Wednesday, February 17, 2021

Ten Books

 

Slaughterhouse-Five by Kurt Vonnegut (1969) American classic and one of the world’s great antiwar books. Centering on the infamous firebombing of Dresden, Billy Pilgrim’s odyssey through time reflects the mythic journey of our own fractured lives as we search for meaning in what we fear most.

I Can't Wait Until Tomorrow ('Cause I Get Better-Looking Every Day), by Joe Namath and with Dick Schaap (1969), published by Random House.

Leonardo da Vinci, by Walter Isaacson (2018) published by Simon & Schuster

The Corrections by Jonathan Franzen (2001) Winner of the National Book Award for Fiction is a great work of art and a grandly entertaining overture to our new century: a bold, comic, tragic, deeply moving family drama that stretches from the Midwest at mid-century to Wall Street and Eastern Europe in the age of greed and globalism.

 

Zen and the Art of Motorcycle Maintenance by Robert Pirsig (1974) One of the most important and influential books written in the past half-century. A powerful, moving, and penetrating examination of how we live . . . and a breathtaking meditation on how to live better.

 

The Devil in the White City: Murder, Magic, Magic, and Madness at the Fair That Changed America by Erik Larson (2002) A thrilling narrative recounts the spellbinding tale of the 1893 World's Columbian Exposition. The fair marked the birth of a new epoch in American history. Dr. Henry H. Holmes marked the emergence of a new American archetype, the serial killer.

The Learners by Chip Kidd (2008) A young graphic designer fresh out of college in the summer of 1961 just landed his first job at a wacky advertising firm filled with eccentric creative artists. Everything is going great until Happy is assigned to design a newspaper ad recruiting participants for an experiment in the Yale Psychology Department. Happy can't resist. responding to the ad himself. Little does he know that the experience will devastate him, forcing a reexamination of his past, his soul, and the nature of human cruelty - chiefly his own.

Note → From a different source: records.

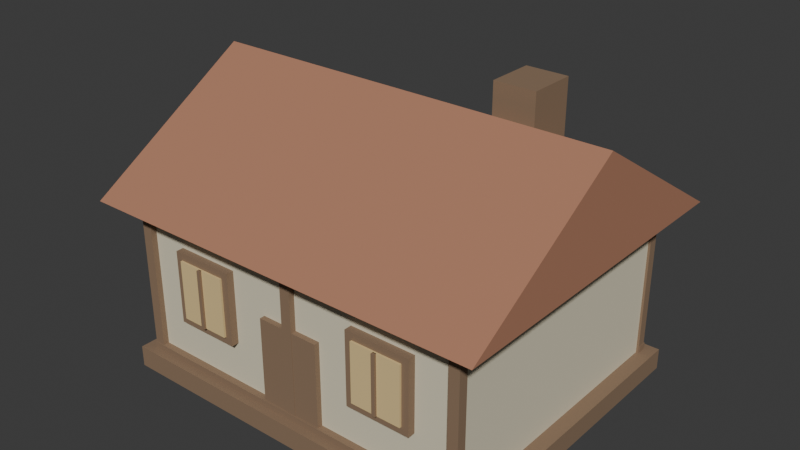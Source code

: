# Source: house.blend  (saved by Blender 5.0.119; exported with 4.5.12 LTS)
import bpy
from mathutils import Matrix  # noqa: F401  (used for matrix-valued properties, if any)

bpy.ops.wm.read_factory_settings(use_empty=True)
scene = bpy.context.scene
scene.name = 'Scene'

# ---- collections
col_collection = bpy.data.collections.new('Collection'); scene.collection.children.link(col_collection)

# ---- materials (node trees are filled in below, after node groups)
mat_town_timber = bpy.data.materials.new('Town timber')
mat_town_timber.diffuse_color = (0.26, 0.17, 0.105, 1.0)
mat_lime_plaster = bpy.data.materials.new('Lime plaster')
mat_lime_plaster.diffuse_color = (0.73, 0.67, 0.5, 1.0)
mat_terracotta_roof = bpy.data.materials.new('Terracotta roof')
mat_terracotta_roof.diffuse_color = (0.43, 0.2, 0.12, 1.0)
mat_amber_windows = bpy.data.materials.new('Amber windows')
mat_amber_windows.diffuse_color = (0.76, 0.57, 0.27, 1.0)

# ---- material node trees
mat_town_timber.use_nodes = True; mat_town_timber.node_tree.nodes.clear()
_N = mat_town_timber.node_tree.nodes; _L = mat_town_timber.node_tree.links
n0 = _N.new('ShaderNodeBsdfPrincipled'); n0.name = 'Principled BSDF'; n0.location = (-200, 100)
n0.inputs[0].default_value = (0.26, 0.17, 0.105, 1.0)
n0.inputs[2].default_value = 0.85
n1 = _N.new('ShaderNodeOutputMaterial'); n1.name = 'Material Output'; n1.location = (200, 100)
_L.new(n0.outputs[0], n1.inputs[0])
n1.is_active_output = True
mat_lime_plaster.use_nodes = True; mat_lime_plaster.node_tree.nodes.clear()
_N = mat_lime_plaster.node_tree.nodes; _L = mat_lime_plaster.node_tree.links
n0 = _N.new('ShaderNodeBsdfPrincipled'); n0.name = 'Principled BSDF'; n0.location = (-200, 100)
n0.inputs[0].default_value = (0.73, 0.67, 0.5, 1.0)
n0.inputs[2].default_value = 0.85
n1 = _N.new('ShaderNodeOutputMaterial'); n1.name = 'Material Output'; n1.location = (200, 100)
_L.new(n0.outputs[0], n1.inputs[0])
n1.is_active_output = True
mat_terracotta_roof.use_nodes = True; mat_terracotta_roof.node_tree.nodes.clear()
_N = mat_terracotta_roof.node_tree.nodes; _L = mat_terracotta_roof.node_tree.links
n0 = _N.new('ShaderNodeBsdfPrincipled'); n0.name = 'Principled BSDF'; n0.location = (-200, 100)
n0.inputs[0].default_value = (0.43, 0.2, 0.12, 1.0)
n0.inputs[2].default_value = 0.85
n1 = _N.new('ShaderNodeOutputMaterial'); n1.name = 'Material Output'; n1.location = (200, 100)
_L.new(n0.outputs[0], n1.inputs[0])
n1.is_active_output = True
mat_amber_windows.use_nodes = True; mat_amber_windows.node_tree.nodes.clear()
_N = mat_amber_windows.node_tree.nodes; _L = mat_amber_windows.node_tree.links
n0 = _N.new('ShaderNodeBsdfPrincipled'); n0.name = 'Principled BSDF'; n0.location = (-200, 100)
n0.inputs[0].default_value = (0.76, 0.57, 0.27, 1.0)
n0.inputs[2].default_value = 0.85
n1 = _N.new('ShaderNodeOutputMaterial'); n1.name = 'Material Output'; n1.location = (200, 100)
_L.new(n0.outputs[0], n1.inputs[0])
n1.is_active_output = True

# ---- world
world_world = bpy.data.worlds.new('World'); scene.world = world_world
world_world.use_nodes = True; world_world.node_tree.nodes.clear()
_N = world_world.node_tree.nodes; _L = world_world.node_tree.links
n0 = _N.new('ShaderNodeOutputWorld'); n0.name = 'World Output'; n0.location = (200, 100)
n1 = _N.new('ShaderNodeBackground'); n1.name = 'Background'; n1.location = (-200, 100)
n1.inputs[0].default_value = (0.05088, 0.05088, 0.05088, 1.0)
_L.new(n1.outputs[0], n0.inputs[0])
n0.is_active_output = True
world_world.color = (0.05088, 0.05088, 0.05088)
world_world.sun_shadow_jitter_overblur = 0.0

# ---- meshes
me_cube_028 = bpy.data.meshes.new('Cube.028')
me_cube_028.from_pydata([(-3.25, -2.65, -0.18), (-3.25, -2.65, 0.18), (-3.25, 2.65, -0.18), (-3.25, 2.65, 0.18), (3.25, -2.65, -0.18), (3.25, -2.65, 0.18), (3.25, 2.65, -0.18), (3.25, 2.65, 0.18), (-3.04, -2.5, -0.03), (-3.04, -2.5, 2.97), (-3.04, -2.34, -0.03), (-3.04, -2.34, 2.97), (-2.86, -2.5, -0.03), (-2.86, -2.5, 2.97), (-2.86, -2.34, -0.03), (-2.86, -2.34, 2.97), (-3.04, 2.34, -0.03), (-3.04, 2.34, 2.97), (-3.04, 2.5, -0.03), (-3.04, 2.5, 2.97), (-2.86, 2.34, -0.03), (-2.86, 2.34, 2.97), (-2.86, 2.5, -0.03), (-2.86, 2.5, 2.97), (-0.09, -2.5, -0.03), (-0.09, -2.5, 2.97), (-0.09, -2.34, -0.03), (-0.09, -2.34, 2.97), (0.09, -2.5, -0.03), (0.09, -2.5, 2.97), (0.09, -2.34, -0.03), (0.09, -2.34, 2.97), (-0.09, 2.34, -0.03), (-0.09, 2.34, 2.97), (-0.09, 2.5, -0.03), (-0.09, 2.5, 2.97), (0.09, 2.34, -0.03), (0.09, 2.34, 2.97), (0.09, 2.5, -0.03), (0.09, 2.5, 2.97), (2.86, -2.5, -0.03), (2.86, -2.5, 2.97), (2.86, -2.34, -0.03), (2.86, -2.34, 2.97), (3.04, -2.5, -0.03), (3.04, -2.5, 2.97), (3.04, -2.34, -0.03), (3.04, -2.34, 2.97), (2.86, 2.34, -0.03), (2.86, 2.34, 2.97), (2.86, 2.5, -0.03), (2.86, 2.5, 2.97), (3.04, 2.34, -0.03), (3.04, 2.34, 2.97), (3.04, 2.5, -0.03), (3.04, 2.5, 2.97), (-3.05, -2.515, 0.145), (-3.05, -2.515, 0.295), (-3.05, -2.365, 0.145), (-3.05, -2.365, 0.295), (3.05, -2.515, 0.145), (3.05, -2.515, 0.295), (3.05, -2.365, 0.145), (3.05, -2.365, 0.295), (-3.05, 2.365, 0.145), (-3.05, 2.365, 0.295), (-3.05, 2.515, 0.145), (-3.05, 2.515, 0.295), (3.05, 2.365, 0.145), (3.05, 2.365, 0.295), (3.05, 2.515, 0.145), (3.05, 2.515, 0.295), (-3.05, -2.515, 2.645), (-3.05, -2.515, 2.795), (-3.05, -2.365, 2.645), (-3.05, -2.365, 2.795), (3.05, -2.515, 2.645), (3.05, -2.515, 2.795), (3.05, -2.365, 2.645), (3.05, -2.365, 2.795), (-3.05, 2.365, 2.645), (-3.05, 2.365, 2.795), (-3.05, 2.515, 2.645), (-3.05, 2.515, 2.795), (3.05, 2.365, 2.645), (3.05, 2.365, 2.795), (3.05, 2.515, 2.645), (3.05, 2.515, 2.795), (-0.54, -2.49, 0.02), (-0.54, -2.49, 1.72), (-0.54, -2.37, 0.02), (-0.54, -2.37, 1.72), (0.54, -2.49, 0.02), (0.54, -2.49, 1.72), (0.54, -2.37, 0.02), (0.54, -2.37, 1.72), (-2.25, -2.53, 1.0), (-2.25, -2.53, 2.24), (-2.25, -2.39, 1.0), (-2.25, -2.39, 2.24), (-1.15, -2.53, 1.0), (-1.15, -2.53, 2.24), (-1.15, -2.39, 1.0), (-1.15, -2.39, 2.24), (-1.73, -2.605, 1.12), (-1.73, -2.605, 2.12), (-1.73, -2.555, 1.12), (-1.73, -2.555, 2.12), (-1.67, -2.605, 1.12), (-1.67, -2.605, 2.12), (-1.67, -2.555, 1.12), (-1.67, -2.555, 2.12), (1.15, -2.53, 1.0), (1.15, -2.53, 2.24), (1.15, -2.39, 1.0), (1.15, -2.39, 2.24), (2.25, -2.53, 1.0), (2.25, -2.53, 2.24), (2.25, -2.39, 1.0), (2.25, -2.39, 2.24), (1.67, -2.605, 1.12), (1.67, -2.605, 2.12), (1.67, -2.555, 1.12), (1.67, -2.555, 2.12), (1.73, -2.605, 1.12), (1.73, -2.605, 2.12), (1.73, -2.555, 1.12), (1.73, -2.555, 2.12), (1.45, 0.25, 3.02), (1.45, 0.25, 5.02), (1.45, 1.05, 3.02), (1.45, 1.05, 5.02), (2.15, 0.25, 3.02), (2.15, 0.25, 5.02), (2.15, 1.05, 3.02), (2.15, 1.05, 5.02)], [], [(0, 1, 3, 2), (2, 3, 7, 6), (6, 7, 5, 4), (4, 5, 1, 0), (2, 6, 4, 0), (7, 3, 1, 5), (8, 9, 11, 10), (10, 11, 15, 14), (14, 15, 13, 12), (12, 13, 9, 8), (10, 14, 12, 8), (15, 11, 9, 13), (16, 17, 19, 18), (18, 19, 23, 22), (22, 23, 21, 20), (20, 21, 17, 16), (18, 22, 20, 16), (23, 19, 17, 21), (24, 25, 27, 26), (26, 27, 31, 30), (30, 31, 29, 28), (28, 29, 25, 24), (26, 30, 28, 24), (31, 27, 25, 29), (32, 33, 35, 34), (34, 35, 39, 38), (38, 39, 37, 36), (36, 37, 33, 32), (34, 38, 36, 32), (39, 35, 33, 37), (40, 41, 43, 42), (42, 43, 47, 46), (46, 47, 45, 44), (44, 45, 41, 40), (42, 46, 44, 40), (47, 43, 41, 45), (48, 49, 51, 50), (50, 51, 55, 54), (54, 55, 53, 52), (52, 53, 49, 48), (50, 54, 52, 48), (55, 51, 49, 53), (56, 57, 59, 58), (58, 59, 63, 62), (62, 63, 61, 60), (60, 61, 57, 56), (58, 62, 60, 56), (63, 59, 57, 61), (64, 65, 67, 66), (66, 67, 71, 70), (70, 71, 69, 68), (68, 69, 65, 64), (66, 70, 68, 64), (71, 67, 65, 69), (72, 73, 75, 74), (74, 75, 79, 78), (78, 79, 77, 76), (76, 77, 73, 72), (74, 78, 76, 72), (79, 75, 73, 77), (80, 81, 83, 82), (82, 83, 87, 86), (86, 87, 85, 84), (84, 85, 81, 80), (82, 86, 84, 80), (87, 83, 81, 85), (88, 89, 91, 90), (90, 91, 95, 94), (94, 95, 93, 92), (92, 93, 89, 88), (90, 94, 92, 88), (95, 91, 89, 93), (96, 97, 99, 98), (98, 99, 103, 102), (102, 103, 101, 100), (100, 101, 97, 96), (98, 102, 100, 96), (103, 99, 97, 101), (104, 105, 107, 106), (106, 107, 111, 110), (110, 111, 109, 108), (108, 109, 105, 104), (106, 110, 108, 104), (111, 107, 105, 109), (112, 113, 115, 114), (114, 115, 119, 118), (118, 119, 117, 116), (116, 117, 113, 112), (114, 118, 116, 112), (119, 115, 113, 117), (120, 121, 123, 122), (122, 123, 127, 126), (126, 127, 125, 124), (124, 125, 121, 120), (122, 126, 124, 120), (127, 123, 121, 125), (128, 129, 131, 130), (130, 131, 135, 134), (134, 135, 133, 132), (132, 133, 129, 128), (130, 134, 132, 128), (135, 131, 129, 133)])
_uv = me_cube_028.uv_layers.new(name='UVMap')
_uv.uv.foreach_set('vector', [0.375, 0.0, 0.625, 0.0, 0.625, 0.25, 0.375, 0.25, 0.375, 0.25, 0.625, 0.25, 0.625, 0.5, 0.375, 0.5, 0.375, 0.5, 0.625, 0.5, 0.625, 0.75, 0.375, 0.75, 0.375, 0.75, 0.625, 0.75, 0.625, 1.0, 0.375, 1.0, 0.125, 0.5, 0.375, 0.5, 0.375, 0.75, 0.125, 0.75, 0.625, 0.5, 0.875, 0.5, 0.875, 0.75, 0.625, 0.75, 0.375, 0.0, 0.625, 0.0, 0.625, 0.25, 0.375, 0.25, 0.375, 0.25, 0.625, 0.25, 0.625, 0.5, 0.375, 0.5, 0.375, 0.5, 0.625, 0.5, 0.625, 0.75, 0.375, 0.75, 0.375, 0.75, 0.625, 0.75, 0.625, 1.0, 0.375, 1.0, 0.125, 0.5, 0.375, 0.5, 0.375, 0.75, 0.125, 0.75, 0.625, 0.5, 0.875, 0.5, 0.875, 0.75, 0.625, 0.75, 0.375, 0.0, 0.625, 0.0, 0.625, 0.25, 0.375, 0.25, 0.375, 0.25, 0.625, 0.25, 0.625, 0.5, 0.375, 0.5, 0.375, 0.5, 0.625, 0.5, 0.625, 0.75, 0.375, 0.75, 0.375, 0.75, 0.625, 0.75, 0.625, 1.0, 0.375, 1.0, 0.125, 0.5, 0.375, 0.5, 0.375, 0.75, 0.125, 0.75, 0.625, 0.5, 0.875, 0.5, 0.875, 0.75, 0.625, 0.75, 0.375, 0.0, 0.625, 0.0, 0.625, 0.25, 0.375, 0.25, 0.375, 0.25, 0.625, 0.25, 0.625, 0.5, 0.375, 0.5, 0.375, 0.5, 0.625, 0.5, 0.625, 0.75, 0.375, 0.75, 0.375, 0.75, 0.625, 0.75, 0.625, 1.0, 0.375, 1.0, 0.125, 0.5, 0.375, 0.5, 0.375, 0.75, 0.125, 0.75, 0.625, 0.5, 0.875, 0.5, 0.875, 0.75, 0.625, 0.75, 0.375, 0.0, 0.625, 0.0, 0.625, 0.25, 0.375, 0.25, 0.375, 0.25, 0.625, 0.25, 0.625, 0.5, 0.375, 0.5, 0.375, 0.5, 0.625, 0.5, 0.625, 0.75, 0.375, 0.75, 0.375, 0.75, 0.625, 0.75, 0.625, 1.0, 0.375, 1.0, 0.125, 0.5, 0.375, 0.5, 0.375, 0.75, 0.125, 0.75, 0.625, 0.5, 0.875, 0.5, 0.875, 0.75, 0.625, 0.75, 0.375, 0.0, 0.625, 0.0, 0.625, 0.25, 0.375, 0.25, 0.375, 0.25, 0.625, 0.25, 0.625, 0.5, 0.375, 0.5, 0.375, 0.5, 0.625, 0.5, 0.625, 0.75, 0.375, 0.75, 0.375, 0.75, 0.625, 0.75, 0.625, 1.0, 0.375, 1.0, 0.125, 0.5, 0.375, 0.5, 0.375, 0.75, 0.125, 0.75, 0.625, 0.5, 0.875, 0.5, 0.875, 0.75, 0.625, 0.75, 0.375, 0.0, 0.625, 0.0, 0.625, 0.25, 0.375, 0.25, 0.375, 0.25, 0.625, 0.25, 0.625, 0.5, 0.375, 0.5, 0.375, 0.5, 0.625, 0.5, 0.625, 0.75, 0.375, 0.75, 0.375, 0.75, 0.625, 0.75, 0.625, 1.0, 0.375, 1.0, 0.125, 0.5, 0.375, 0.5, 0.375, 0.75, 0.125, 0.75, 0.625, 0.5, 0.875, 0.5, 0.875, 0.75, 0.625, 0.75, 0.375, 0.0, 0.625, 0.0, 0.625, 0.25, 0.375, 0.25, 0.375, 0.25, 0.625, 0.25, 0.625, 0.5, 0.375, 0.5, 0.375, 0.5, 0.625, 0.5, 0.625, 0.75, 0.375, 0.75, 0.375, 0.75, 0.625, 0.75, 0.625, 1.0, 0.375, 1.0, 0.125, 0.5, 0.375, 0.5, 0.375, 0.75, 0.125, 0.75, 0.625, 0.5, 0.875, 0.5, 0.875, 0.75, 0.625, 0.75, 0.375, 0.0, 0.625, 0.0, 0.625, 0.25, 0.375, 0.25, 0.375, 0.25, 0.625, 0.25, 0.625, 0.5, 0.375, 0.5, 0.375, 0.5, 0.625, 0.5, 0.625, 0.75, 0.375, 0.75, 0.375, 0.75, 0.625, 0.75, 0.625, 1.0, 0.375, 1.0, 0.125, 0.5, 0.375, 0.5, 0.375, 0.75, 0.125, 0.75, 0.625, 0.5, 0.875, 0.5, 0.875, 0.75, 0.625, 0.75, 0.375, 0.0, 0.625, 0.0, 0.625, 0.25, 0.375, 0.25, 0.375, 0.25, 0.625, 0.25, 0.625, 0.5, 0.375, 0.5, 0.375, 0.5, 0.625, 0.5, 0.625, 0.75, 0.375, 0.75, 0.375, 0.75, 0.625, 0.75, 0.625, 1.0, 0.375, 1.0, 0.125, 0.5, 0.375, 0.5, 0.375, 0.75, 0.125, 0.75, 0.625, 0.5, 0.875, 0.5, 0.875, 0.75, 0.625, 0.75, 0.375, 0.0, 0.625, 0.0, 0.625, 0.25, 0.375, 0.25, 0.375, 0.25, 0.625, 0.25, 0.625, 0.5, 0.375, 0.5, 0.375, 0.5, 0.625, 0.5, 0.625, 0.75, 0.375, 0.75, 0.375, 0.75, 0.625, 0.75, 0.625, 1.0, 0.375, 1.0, 0.125, 0.5, 0.375, 0.5, 0.375, 0.75, 0.125, 0.75, 0.625, 0.5, 0.875, 0.5, 0.875, 0.75, 0.625, 0.75, 0.375, 0.0, 0.625, 0.0, 0.625, 0.25, 0.375, 0.25, 0.375, 0.25, 0.625, 0.25, 0.625, 0.5, 0.375, 0.5, 0.375, 0.5, 0.625, 0.5, 0.625, 0.75, 0.375, 0.75, 0.375, 0.75, 0.625, 0.75, 0.625, 1.0, 0.375, 1.0, 0.125, 0.5, 0.375, 0.5, 0.375, 0.75, 0.125, 0.75, 0.625, 0.5, 0.875, 0.5, 0.875, 0.75, 0.625, 0.75, 0.375, 0.0, 0.625, 0.0, 0.625, 0.25, 0.375, 0.25, 0.375, 0.25, 0.625, 0.25, 0.625, 0.5, 0.375, 0.5, 0.375, 0.5, 0.625, 0.5, 0.625, 0.75, 0.375, 0.75, 0.375, 0.75, 0.625, 0.75, 0.625, 1.0, 0.375, 1.0, 0.125, 0.5, 0.375, 0.5, 0.375, 0.75, 0.125, 0.75, 0.625, 0.5, 0.875, 0.5, 0.875, 0.75, 0.625, 0.75, 0.375, 0.0, 0.625, 0.0, 0.625, 0.25, 0.375, 0.25, 0.375, 0.25, 0.625, 0.25, 0.625, 0.5, 0.375, 0.5, 0.375, 0.5, 0.625, 0.5, 0.625, 0.75, 0.375, 0.75, 0.375, 0.75, 0.625, 0.75, 0.625, 1.0, 0.375, 1.0, 0.125, 0.5, 0.375, 0.5, 0.375, 0.75, 0.125, 0.75, 0.625, 0.5, 0.875, 0.5, 0.875, 0.75, 0.625, 0.75, 0.375, 0.0, 0.625, 0.0, 0.625, 0.25, 0.375, 0.25, 0.375, 0.25, 0.625, 0.25, 0.625, 0.5, 0.375, 0.5, 0.375, 0.5, 0.625, 0.5, 0.625, 0.75, 0.375, 0.75, 0.375, 0.75, 0.625, 0.75, 0.625, 1.0, 0.375, 1.0, 0.125, 0.5, 0.375, 0.5, 0.375, 0.75, 0.125, 0.75, 0.625, 0.5, 0.875, 0.5, 0.875, 0.75, 0.625, 0.75, 0.375, 0.0, 0.625, 0.0, 0.625, 0.25, 0.375, 0.25, 0.375, 0.25, 0.625, 0.25, 0.625, 0.5, 0.375, 0.5, 0.375, 0.5, 0.625, 0.5, 0.625, 0.75, 0.375, 0.75, 0.375, 0.75, 0.625, 0.75, 0.625, 1.0, 0.375, 1.0, 0.125, 0.5, 0.375, 0.5, 0.375, 0.75, 0.125, 0.75, 0.625, 0.5, 0.875, 0.5, 0.875, 0.75, 0.625, 0.75, 0.375, 0.0, 0.625, 0.0, 0.625, 0.25, 0.375, 0.25, 0.375, 0.25, 0.625, 0.25, 0.625, 0.5, 0.375, 0.5, 0.375, 0.5, 0.625, 0.5, 0.625, 0.75, 0.375, 0.75, 0.375, 0.75, 0.625, 0.75, 0.625, 1.0, 0.375, 1.0, 0.125, 0.5, 0.375, 0.5, 0.375, 0.75, 0.125, 0.75, 0.625, 0.5, 0.875, 0.5, 0.875, 0.75, 0.625, 0.75])
me_cube_028.materials.append(mat_town_timber)
me_cube_028.update()
me_cube_029 = bpy.data.meshes.new('Cube.029')
me_cube_029.from_pydata([(-3.0, -2.4, -1.5), (-3.0, -2.4, 1.5), (-3.0, 2.4, -1.5), (-3.0, 2.4, 1.5), (3.0, -2.4, -1.5), (3.0, -2.4, 1.5), (3.0, 2.4, -1.5), (3.0, 2.4, 1.5)], [], [(0, 1, 3, 2), (2, 3, 7, 6), (6, 7, 5, 4), (4, 5, 1, 0), (2, 6, 4, 0), (7, 3, 1, 5)])
_uv = me_cube_029.uv_layers.new(name='UVMap')
_uv.uv.foreach_set('vector', [0.375, 0.0, 0.625, 0.0, 0.625, 0.25, 0.375, 0.25, 0.375, 0.25, 0.625, 0.25, 0.625, 0.5, 0.375, 0.5, 0.375, 0.5, 0.625, 0.5, 0.625, 0.75, 0.375, 0.75, 0.375, 0.75, 0.625, 0.75, 0.625, 1.0, 0.375, 1.0, 0.125, 0.5, 0.375, 0.5, 0.375, 0.75, 0.125, 0.75, 0.625, 0.5, 0.875, 0.5, 0.875, 0.75, 0.625, 0.75])
me_cube_029.materials.append(mat_lime_plaster)
me_cube_029.update()
me_gabled_roof = bpy.data.meshes.new('Gabled roof')
me_gabled_roof.from_pydata([(-3.5, -2.9, 3.0), (3.5, -2.9, 3.0), (-3.5, 0.0, 4.8), (3.5, 0.0, 4.8), (-3.5, 2.9, 3.0), (3.5, 2.9, 3.0)], [], [(0, 1, 3, 2), (2, 3, 5, 4), (0, 2, 4), (1, 5, 3)])
me_gabled_roof.materials.append(mat_terracotta_roof)
me_gabled_roof.update()
me_cube_042 = bpy.data.meshes.new('Cube.042')
me_cube_042.from_pydata([(-0.43, -0.025, -0.5), (-0.43, -0.025, 0.5), (-0.43, 0.025, -0.5), (-0.43, 0.025, 0.5), (0.43, -0.025, -0.5), (0.43, -0.025, 0.5), (0.43, 0.025, -0.5), (0.43, 0.025, 0.5), (2.97, -0.025, -0.5), (2.97, -0.025, 0.5), (2.97, 0.025, -0.5), (2.97, 0.025, 0.5), (3.83, -0.025, -0.5), (3.83, -0.025, 0.5), (3.83, 0.025, -0.5), (3.83, 0.025, 0.5)], [], [(0, 1, 3, 2), (2, 3, 7, 6), (6, 7, 5, 4), (4, 5, 1, 0), (2, 6, 4, 0), (7, 3, 1, 5), (8, 9, 11, 10), (10, 11, 15, 14), (14, 15, 13, 12), (12, 13, 9, 8), (10, 14, 12, 8), (15, 11, 9, 13)])
_uv = me_cube_042.uv_layers.new(name='UVMap')
_uv.uv.foreach_set('vector', [0.375, 0.0, 0.625, 0.0, 0.625, 0.25, 0.375, 0.25, 0.375, 0.25, 0.625, 0.25, 0.625, 0.5, 0.375, 0.5, 0.375, 0.5, 0.625, 0.5, 0.625, 0.75, 0.375, 0.75, 0.375, 0.75, 0.625, 0.75, 0.625, 1.0, 0.375, 1.0, 0.125, 0.5, 0.375, 0.5, 0.375, 0.75, 0.125, 0.75, 0.625, 0.5, 0.875, 0.5, 0.875, 0.75, 0.625, 0.75, 0.375, 0.0, 0.625, 0.0, 0.625, 0.25, 0.375, 0.25, 0.375, 0.25, 0.625, 0.25, 0.625, 0.5, 0.375, 0.5, 0.375, 0.5, 0.625, 0.5, 0.625, 0.75, 0.375, 0.75, 0.375, 0.75, 0.625, 0.75, 0.625, 1.0, 0.375, 1.0, 0.125, 0.5, 0.375, 0.5, 0.375, 0.75, 0.125, 0.75, 0.625, 0.5, 0.875, 0.5, 0.875, 0.75, 0.625, 0.75])
me_cube_042.materials.append(mat_amber_windows)
me_cube_042.update()

# ---- objects
ob_stone_foundation = bpy.data.objects.new('Stone foundation', me_cube_028)
ob_plaster_house = bpy.data.objects.new('Plaster house', me_cube_029)
ob_gabled_roof = bpy.data.objects.new('Gabled roof', me_gabled_roof)
ob_window_glass = bpy.data.objects.new('Window glass', me_cube_042)

# ---- transforms, parenting, visibility, modifiers, constraints
ob_stone_foundation.location = (0.0, 0.0, 0.18)
ob_plaster_house.location = (0.0, 0.0, 1.65)
ob_gabled_roof.location = (0.0, 0.0, 0.0)
ob_window_glass.location = (-1.7, -2.54, 1.8)

# ---- collection membership
col_collection.objects.link(ob_stone_foundation)
col_collection.objects.link(ob_plaster_house)
col_collection.objects.link(ob_gabled_roof)
col_collection.objects.link(ob_window_glass)

# ---- scene / render settings (as saved in the file)
scene.frame_start = 1; scene.frame_end = 250; scene.frame_set(1)
scene.render.engine = 'BLENDER_EEVEE_NEXT'
scene.render.bake_bias = 0.0
scene.render.bake_samples = 0
scene.cycles.sampling_pattern = 'TABULATED_SOBOL'
scene.eevee.use_volume_custom_range = False
bpy.context.view_layer.update()

# ---- added for rendering (the .blend has no active camera and no usable light): camera, sun
cam_auto = bpy.data.cameras.new('AutoCamera')
cam_auto.lens = 50.0
cam_auto.sensor_width = 36.0
cam_auto.clip_end = 1000.0
ob_auto_camera = bpy.data.objects.new('AutoCamera', cam_auto)
scene.collection.objects.link(ob_auto_camera)
ob_auto_camera.location = (9.68971, -11.6277, 10.3518)
ob_auto_camera.rotation_euler = (1.09748, -7.21219e-08, 0.694738)
scene.camera = ob_auto_camera
light_auto_sun = bpy.data.lights.new('AutoSun', 'SUN')
light_auto_sun.energy = 3.0
light_auto_sun.angle = 0.0523599
ob_auto_sun = bpy.data.objects.new('AutoSun', light_auto_sun)
scene.collection.objects.link(ob_auto_sun)
ob_auto_sun.rotation_euler = (0.872665, 0.174533, 0.523599)
bpy.context.view_layer.update()

Dethroning the King, by Julie MacIntosh (2010) published by John Wiley & Sons - How the King of Beers collapsed without a fight and what it means for America's place in the post-Recession world. How did InBev, a Belgian company controlled by Brazilians, take over one of America's most beloved brands with scarcely a whimper of opposition? Chalk it up to perfect timing—and some unexpected help from powerful members of the Busch dynasty, the very family that had run the company for more than a century.

The New New Thing by Michael Lewis (2014) - Michael Lewis set out on a safari through Silicon Valley to find the world’s most important technology entrepreneur. He found this in Jim Clark, a man whose achievements include the founding of three separate billion-dollar companies. An ingeniously conceived history of the Internet revolution.

Adventures of Huckleberry Finn by Mark Twain (1885) Among the Great American Novels. It is told in the first person by Huck Finn. The book is noted for its colorful description of people and places along the Mississippi River. Adventures of Huckleberry Finn is an often scathing satire on entrenched attitudes, particularly racism.